A larger problem was that even if I clicked on every post, I didn’t always have a sense for what was the best deal. For example, if I had $3,000, was it better to spend it on a 2001 model with 100K miles, or a 2003 model with 140K miles?
DealSpotter is a proof-of-concept website that shows how these problems could be solved. DealSpotter grabs all the Craigslist car postings in the San Francisco Bay Area and automatically shows you the best deals. It knows how much each car should be priced, based on the model, year, and mileage. Cars that are priced lower than DealSpotter expects them to be are shown at the top of the list. DealSpotter also presents the same information in a visual format called “Graph” mode, where the best deals are highlighted in blue.
To determine how much each car should be priced, DealSpotter doesn’t use Kelley Blue Book, which tends to overprice cars, especially newer models. Instead, DealSpotter builds its own pricing model based on the actual Craigslist market. In particular, it uses a Random Forest pricing model because, unlike smooth parametric models, Random Forests are able to detect sharp discontinuities in prices that may be caused by factors such as manufacturer design overhauls.
By selecting cars that are priced much lower than would be expected based on year and mileage, DealSpotter picks out some incredible deals, as well as the occasional clunker with an accident history. A more elaborate service might find a way to filter for accident history, but for now DealSpotter remains useful because it greatly narrows down the scope of the search for users.
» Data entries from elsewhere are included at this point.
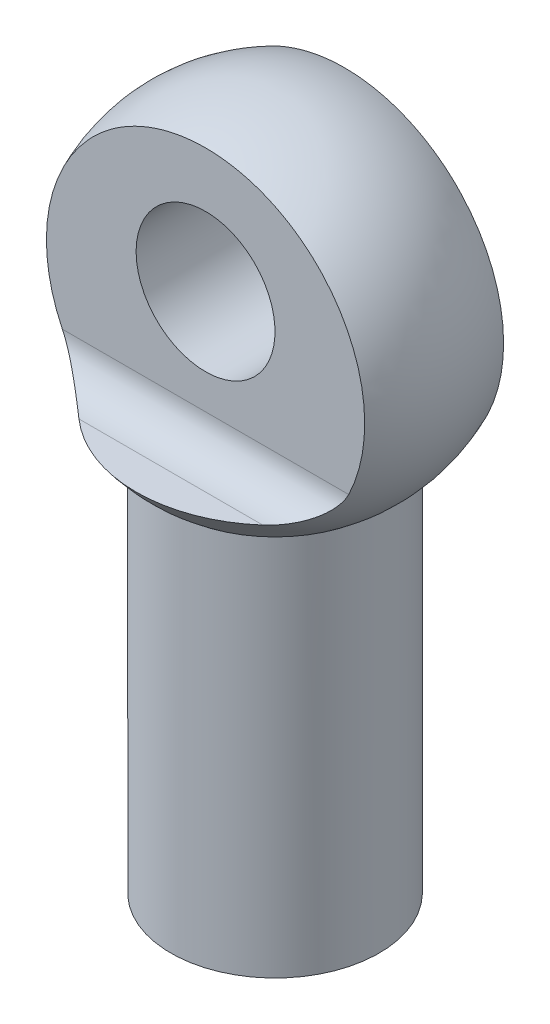
SolidWorks part; units mm, degrees
ref_plane "Alzado" through (0, 0, 0) normal (0, 0, 1) x (1, 0, 0)
ref_plane "Planta" through (0, 0, 0) normal (0, 1, 0) x (1, 0, 0)
ref_plane "Vista lateral" through (0, 0, 0) normal (1, 0, 0) x (0, 0, -1)
sketch "Croquis4" plane through (0, 0, 0) normal (1, 0, 0) x (0, 0, -1)
  line L1 (0, 0) -> (-3, 0)
  line L2 (0, 0) -> (0, 11)
  line L3 (0, 11) -> (-3, 11)
  line L4 (-3, 0) -> (-3, 11)
  dimension "D1" = 3
  dimension "D2" = 11
revolve "Revolución2" add sketch "Croquis4" angle 360 about L2
cosmetic thread "Rosca cosmética2" parameters "D1"=8, "D2"=4.891
sketch "Croquis5" plane through (0, 0, 0) normal (1, 0, 0) x (0, 0, -1)
  line L0 (0, -1000) -> (0, 10) construction
  line L1 (0, 20) -> (0, 11)
  line L2 (3, 11) -> (-3, 11) construction
  line L4 (-3, 0) -> (3, 0) construction
  line L5 (0, 20) -> (0, 50000) construction
  line L7 (0, 11) -> (-3, 11)
  arc A0 (0, 20) -> (-3, 11) centre (0, 15) ccw
  point P7 (0, 11)
  dimension "D1" = 20
  dimension "D2" = 10
  dimension "D3" = 9
revolve "Revolución3" add sketch "Croquis5" angle 360 about L5
sketch "Croquis7" plane through (0, 0, 0) normal (1, 0, 0) x (0, 0, -1)
  line L0 (0, 20) -> (0, 50020) construction
  line L18 (2, 12) -> (2, 20)
  line L19 (2, 12) -> (6, 12)
  line L21 (2, 20) -> (6, 20)
  line L22 (6, 12) -> (6, 20)
  line L27 (3, 11) -> (-3, 11) construction
  arc A2 (3, 11) -> (-3, 11) centre (0, 15) ccw construction
  point P8 (0, 20)
  dimension "D1" = 2
  dimension "D2" = 1
  dimension "D4" = 8
  dimension "D5" = 4
extrude "Cortar-Extruir1" cut sketch "Croquis7" against normal mid plane 15
sketch "Croquis9" plane through (0, 0, 0) normal (1, 0, 0) x (0, 0, -1)
  line L0 (0, 11) -> (0, 50011) construction
  line L1 (3, 11) -> (-3, 11) construction
  line L2 (-3.1093, 11) -> (-50003.1093, 11) construction
  line L3 (0.1418, 20) -> (-49999.8582, 20) construction
  line L4 (-3, 0) -> (3, 0) construction
  line L5 (-2, 12) -> (-7, 12)
  line L6 (-2, 12) -> (-2, 20)
  line L7 (-2, 20) -> (-7, 20)
  line L8 (-7, 12) -> (-7, 20)
  point P4 (0, 11)
  dimension "D1" = 1
  dimension "D2" = 11
  dimension "D3" = 8
  dimension "D4" = 2
  dimension "D5" = 5
extrude "Cortar-Extruir2" cut sketch "Croquis9" against normal mid plane 15
ref_plane "Plano2" through (0, 0, 0) normal (0, 0, -1) x (-1, 0, 0)
fillet "Redondeo3" radius 1 2 edges at (0, 12, 2) (0, 12, -2)
sketch "Croquis10" plane through (0, 0, 0) normal (0, 0, -1) x (-1, 0, 0)
  line L1 (-4.1231, 13) -> (4.1231, 13) construction
  circle A0 centre (0, 16) radius 2
  arc A1 (4.1231, 13) -> (-4.1231, 13) centre (0, 15) ccw construction
  point P7 (0, 19.5826)
  dimension "D2" = 4
  dimension "D1" = 3
  dimension "D3" = 3.5826
extrude "Cortar-Extruir3" cut sketch "Croquis10" against normal mid plane 15
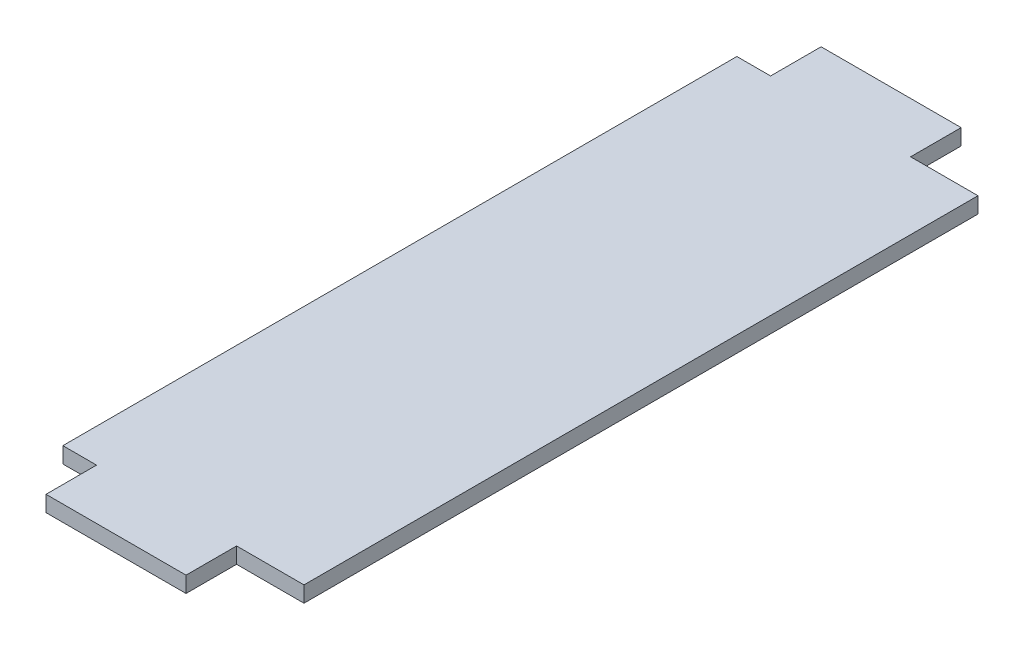
SolidWorks part; units mm, degrees
ref_plane "Front Plane" through (0, 0, 0) normal (0, 0, 1) x (1, 0, 0)
ref_plane "Top Plane" through (0, 0, 0) normal (0, 1, 0) x (1, 0, 0)
ref_plane "Right Plane" through (0, 0, 0) normal (1, 0, 0) x (0, 0, -1)
sketch "Sketch1" plane through (0, 0, 0) normal (0, 1, 0) x (1, 0, 0)
  line L0 (-22.7168, 66.4972) -> (22.7168, 66.4972) construction
  line L1 (22.7168, -73.025) -> (-22.7168, -73.025)
  line L2 (22.7168, -73.025) -> (22.7168, 73.025)
  line L3 (22.7168, 73.025) -> (-22.7168, 73.025)
  line L4 (-22.7168, -73.025) -> (-22.7168, 73.025)
  line L5 (22.7168, -73.025) -> (-22.7168, 73.025) construction
  line L6 (22.7168, 73.025) -> (-22.7168, -73.025) construction
  line L7 (-22.7168, -66.4972) -> (22.7168, -66.4972) construction
  line L8 (-22.7168, 66.4972) -> (-22.7168, -66.4972) construction
  line L9 (22.7168, 66.4972) -> (22.7168, -66.4972) construction
  line L20 (-22.7168, -73.025) -> (-16.3668, -73.025)
  line L21 (-22.7168, -73.025) -> (-22.7168, -63.5)
  line L22 (-22.7168, -63.5) -> (-16.3668, -63.5)
  line L23 (-16.3668, -73.025) -> (-16.3668, -63.5)
  line L24 (22.7168, -73.025) -> (10.0168, -73.025)
  line L25 (22.7168, -73.025) -> (22.7168, -63.5)
  line L26 (22.7168, -63.5) -> (10.0168, -63.5)
  line L27 (10.0168, -73.025) -> (10.0168, -63.5)
  line L28 (-22.7168, 73.025) -> (-16.3668, 73.025)
  line L29 (-22.7168, 73.025) -> (-22.7168, 63.5)
  line L30 (-22.7168, 63.5) -> (-16.3668, 63.5)
  line L31 (-16.3668, 73.025) -> (-16.3668, 63.5)
  line L32 (22.7168, 73.025) -> (10.0168, 73.025)
  line L33 (22.7168, 73.025) -> (22.7168, 63.5)
  line L34 (22.7168, 63.5) -> (10.0168, 63.5)
  line L35 (10.0168, 73.025) -> (10.0168, 63.5)
  point P0 (0, 0)
  point P10 (22.7168, 0)
  point P11 (22.7168, 0)
  point P24 (9.8601, -57.5554)
  point P25 (6.6267, 58.445)
  dimension "D1" = 45.4337
  dimension "D2" = 146.05
  dimension "D3" = 132.9944
  dimension "D4" = 6.35
  dimension "D5" = 12.7
  dimension "D6" = 127
extrude "Boss-Extrude1" add sketch "Sketch1" along normal blind 2.9972

Once users are dealing with a handful of posts, they can easily inspect the text of the ad to determine which cars are good deals, and which have a history of accidents.
If you are in the San Francisco Bay Area and are looking for a used car, you should definitely check out my website right now. Many cars are underpriced by thousands of dollars. In the future though, I won’t be updating the listings, which will soon become outdated. Craigslist has a history of suing other services that try to improve on how their data is presented. Craigslist’s litigiousness is understandable – they curated the data after all. But it apparently has also stifled innovation. Craigslist users spend many hours of their time clicking on blue links because the website’s search and UI tools are still stuck in the 90’s. Users are also at higher risk of scams because there is no reputation system. Normally, issues like this would put a company out of business, but a combination of lawsuits and network lock-in effects have kept Craigslist at the top of classifieds services. Hopefully, we will one day get a better Craigslist. In the meantime, if you want to find an incredible deal on a car while the postings are still fresh, you should do so now.